**Problem to solve**: Read the data, and whenever a line holds the word "layer", report that line.

**Dataset**:
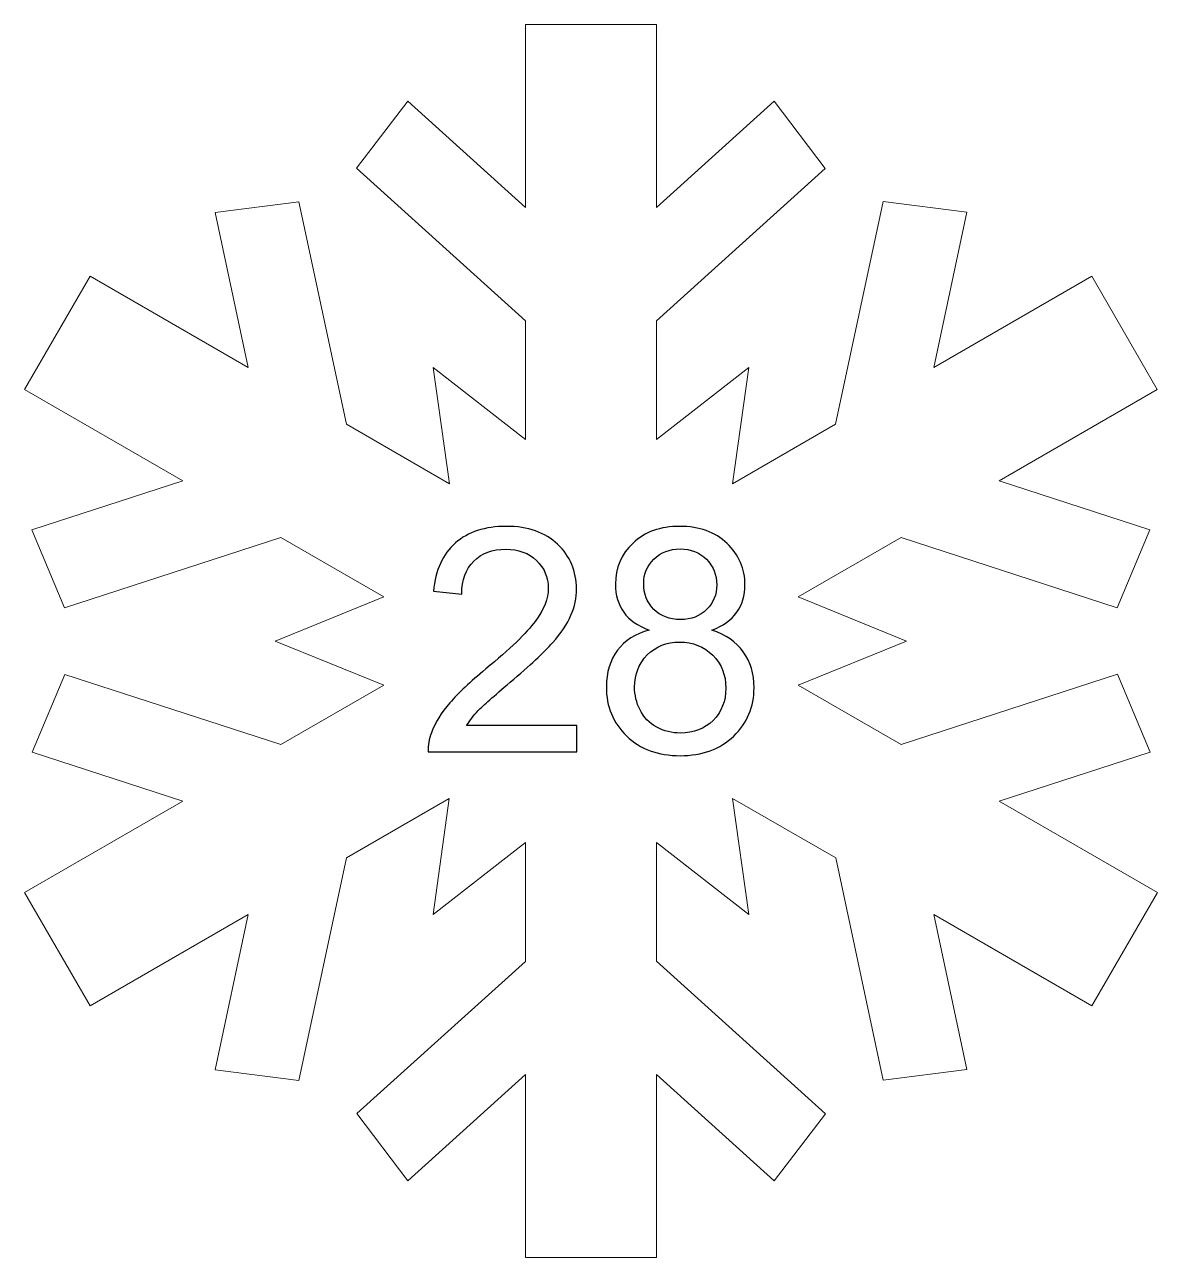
# Model space of a CAD drawing. Header units: centimetres. Extents: x -78 to 86, y -19 to 11.
# Drawn here: x 41.793 to 44.541, y -8.741 to -5.752 of the extents above; entities that cross this region are included whole.
import ezdxf

# ---------------------------------------------------------------- set-up
doc = ezdxf.new("R2010")
doc.units = ezdxf.units.CM
doc.header["$MEASUREMENT"] = 0
doc.layers.add('layer 1', color=7, linetype='Continuous')

msp = doc.modelspace()

# ---------------------------------------------------------------- linework, layer by layer
at = {"layer": 'layer 1', "color": 250, "lineweight": 9}
for points, knots in [([(43.91913, -7.49714), (43.91913, -7.49714), (43.66935, -7.35293), (43.66935, -7.35293), (43.66935, -7.35293), (43.66935, -7.35293), (43.93276, -7.24612), (43.93276, -7.24612), (43.93276, -7.24612), (43.93276, -7.24612), (43.66937, -7.13935), (43.66937, -7.13935), (43.66937, -7.13935), (43.66937, -7.13935), (43.91922, -6.99508), (43.91922, -6.99508), (43.91922, -6.99508), (43.91922, -6.99508), (44.44373, -7.16531), (44.44373, -7.16531), (44.44373, -7.16531), (44.44373, -7.16531), (44.52263, -6.97637), (44.52263, -6.97637), (44.52263, -6.97637), (44.52263, -6.97637), (44.15712, -6.85774), (44.15712, -6.85774), (44.15712, -6.85774), (44.15712, -6.85774), (44.54078, -6.63623), (44.54078, -6.63623), (44.54078, -6.63623), (44.54078, -6.63623), (44.38218, -6.36149), (44.38218, -6.36149), (44.38218, -6.36149), (44.38218, -6.36149), (43.99843, -6.58304), (43.99843, -6.58304), (43.99843, -6.58304), (43.99843, -6.58304), (44.07856, -6.20661), (44.07856, -6.20661), (44.07856, -6.20661), (44.07856, -6.20661), (43.87551, -6.18054), (43.87551, -6.18054), (43.87551, -6.18054), (43.87551, -6.18054), (43.76055, -6.72038), (43.76055, -6.72038), (43.76055, -6.72038), (43.76055, -6.72038), (43.51073, -6.86463), (43.51073, -6.86463), (43.51073, -6.86463), (43.51073, -6.86463), (43.54995, -6.58306), (43.54995, -6.58306), (43.54995, -6.58306), (43.54995, -6.58306), (43.32576, -6.75778), (43.32576, -6.75778), (43.32576, -6.75778), (43.32576, -6.75778), (43.32576, -6.46934), (43.32576, -6.46934), (43.32576, -6.46934), (43.32576, -6.46934), (43.73545, -6.1002), (43.73545, -6.1002), (43.73545, -6.1002), (43.73545, -6.1002), (43.61129, -5.93735), (43.61129, -5.93735), (43.61129, -5.93735), (43.61129, -5.93735), (43.32576, -6.19459), (43.32576, -6.19459), (43.32576, -6.19459), (43.32576, -6.19459), (43.32576, -5.75151), (43.32576, -5.75151), (43.32576, -5.75151), (43.32576, -5.75151), (43.00852, -5.75151), (43.00852, -5.75151), (43.00852, -5.75151), (43.00852, -5.75151), (43.00852, -6.19466), (43.00852, -6.19466), (43.00852, -6.19466), (43.00852, -6.19466), (42.72261, -5.93705), (42.72261, -5.93705), (42.72261, -5.93705), (42.72261, -5.93705), (42.59845, -6.0999), (42.59845, -6.0999), (42.59845, -6.0999), (42.59845, -6.0999), (43.00852, -6.46934), (43.00852, -6.46934), (43.00852, -6.46934), (43.00852, -6.46934), (43.00852, -6.75778), (43.00852, -6.75778), (43.00852, -6.75778), (43.00852, -6.75778), (42.78433, -6.58306), (42.78433, -6.58306), (42.78433, -6.58306), (42.78433, -6.58306), (42.82355, -6.86463), (42.82355, -6.86463), (42.82355, -6.86463), (42.82355, -6.86463), (42.57375, -6.72038), (42.57375, -6.72038), (42.57375, -6.72038), (42.57375, -6.72038), (42.45888, -6.18097), (42.45888, -6.18097), (42.45888, -6.18097), (42.45888, -6.18097), (42.25578, -6.20714), (42.25578, -6.20714), (42.25578, -6.20714), (42.25578, -6.20714), (42.3358, -6.58304), (42.3358, -6.58304), (42.3358, -6.58304), (42.3358, -6.58304), (41.95208, -6.36149), (41.95208, -6.36149), (41.95208, -6.36149), (41.95208, -6.36149), (41.79346, -6.63623), (41.79346, -6.63623), (41.79346, -6.63623), (41.79346, -6.63623), (42.17725, -6.85776), (42.17725, -6.85776), (42.17725, -6.85776), (42.17725, -6.85776), (41.81119, -6.97661), (41.81119, -6.97661), (41.81119, -6.97661), (41.81119, -6.97661), (41.89015, -7.16555), (41.89015, -7.16555), (41.89015, -7.16555), (41.89015, -7.16555), (42.41513, -6.99512), (42.41513, -6.99512), (42.41513, -6.99512), (42.41513, -6.99512), (42.66493, -7.13933), (42.66493, -7.13933), (42.66493, -7.13933), (42.66493, -7.13933), (42.4015, -7.24612), (42.4015, -7.24612), (42.4015, -7.24612), (42.4015, -7.24612), (42.66498, -7.35293), (42.66498, -7.35293), (42.66498, -7.35293), (42.66498, -7.35293), (42.41513, -7.4972), (42.41513, -7.4972), (42.41513, -7.4972), (42.41513, -7.4972), (41.89059, -7.32697), (41.89059, -7.32697), (41.89059, -7.32697), (41.89059, -7.32697), (41.81168, -7.51593), (41.81168, -7.51593), (41.81168, -7.51593), (41.81168, -7.51593), (42.1772, -7.63455), (42.1772, -7.63455), (42.1772, -7.63455), (42.1772, -7.63455), (41.79346, -7.8561), (41.79346, -7.8561), (41.79346, -7.8561), (41.79346, -7.8561), (41.95208, -8.13084), (41.95208, -8.13084), (41.95208, -8.13084), (41.95208, -8.13084), (42.33589, -7.90927), (42.33589, -7.90927), (42.33589, -7.90927), (42.33589, -7.90927), (42.25576, -8.28568), (42.25576, -8.28568), (42.25576, -8.28568), (42.25576, -8.28568), (42.45886, -8.31177), (42.45886, -8.31177), (42.45886, -8.31177), (42.45886, -8.31177), (42.57375, -7.77191), (42.57375, -7.77191), (42.57375, -7.77191), (42.57375, -7.77191), (42.82353, -7.6277), (42.82353, -7.6277), (42.82353, -7.6277), (42.82353, -7.6277), (42.78433, -7.90918), (42.78433, -7.90918), (42.78433, -7.90918), (42.78433, -7.90918), (43.00852, -7.73449), (43.00852, -7.73449), (43.00852, -7.73449), (43.00852, -7.73449), (43.00852, -8.02301), (43.00852, -8.02301), (43.00852, -8.02301), (43.00852, -8.02301), (42.59888, -8.39211), (42.59888, -8.39211), (42.59888, -8.39211), (42.59888, -8.39211), (42.72308, -8.5549), (42.72308, -8.5549), (42.72308, -8.5549), (42.72308, -8.5549), (43.00852, -8.29769), (43.00852, -8.29769), (43.00852, -8.29769), (43.00852, -8.29769), (43.00852, -8.74073), (43.00852, -8.74073), (43.00852, -8.74073), (43.00852, -8.74073), (43.32576, -8.74073), (43.32576, -8.74073), (43.32576, -8.74073), (43.32576, -8.74073), (43.32576, -8.29756), (43.32576, -8.29756), (43.32576, -8.29756), (43.32576, -8.29756), (43.61173, -8.55522), (43.61173, -8.55522), (43.61173, -8.55522), (43.61173, -8.55522), (43.73587, -8.39239), (43.73587, -8.39239), (43.73587, -8.39239), (43.73587, -8.39239), (43.32576, -8.02288), (43.32576, -8.02288), (43.32576, -8.02288), (43.32576, -8.02288), (43.32576, -7.73449), (43.32576, -7.73449), (43.32576, -7.73449), (43.32576, -7.73449), (43.54995, -7.90918), (43.54995, -7.90918), (43.54995, -7.90918), (43.54995, -7.90918), (43.51075, -7.6277), (43.51075, -7.6277), (43.51075, -7.6277), (43.51075, -7.6277), (43.76062, -7.77197), (43.76062, -7.77197), (43.76062, -7.77197), (43.76062, -7.77197), (43.87547, -8.31126), (43.87547, -8.31126), (43.87547, -8.31126), (43.87547, -8.31126), (44.07856, -8.28513), (44.07856, -8.28513), (44.07856, -8.28513), (44.07856, -8.28513), (43.99856, -7.90929), (43.99856, -7.90929), (43.99856, -7.90929), (43.99856, -7.90929), (44.38222, -8.13082), (44.38222, -8.13082), (44.38222, -8.13082), (44.38222, -8.13082), (44.54085, -7.85608), (44.54085, -7.85608), (44.54085, -7.85608), (44.54085, -7.85608), (44.15701, -7.6345), (44.15701, -7.6345), (44.15701, -7.6345), (44.15701, -7.6345), (44.52314, -7.51566), (44.52314, -7.51566), (44.52314, -7.51566), (44.52314, -7.51566), (44.4442, -7.32674), (44.4442, -7.32674), (44.4442, -7.32674), (44.4442, -7.32674), (43.91913, -7.49714), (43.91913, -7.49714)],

**Exercise answer**:
doc.layers.add('layer 1', color=7, linetype='Continuous')
# ---------------------------------------------------------------- linework, layer by layer
at = {"layer": 'layer 1', "color": 250, "lineweight": 9}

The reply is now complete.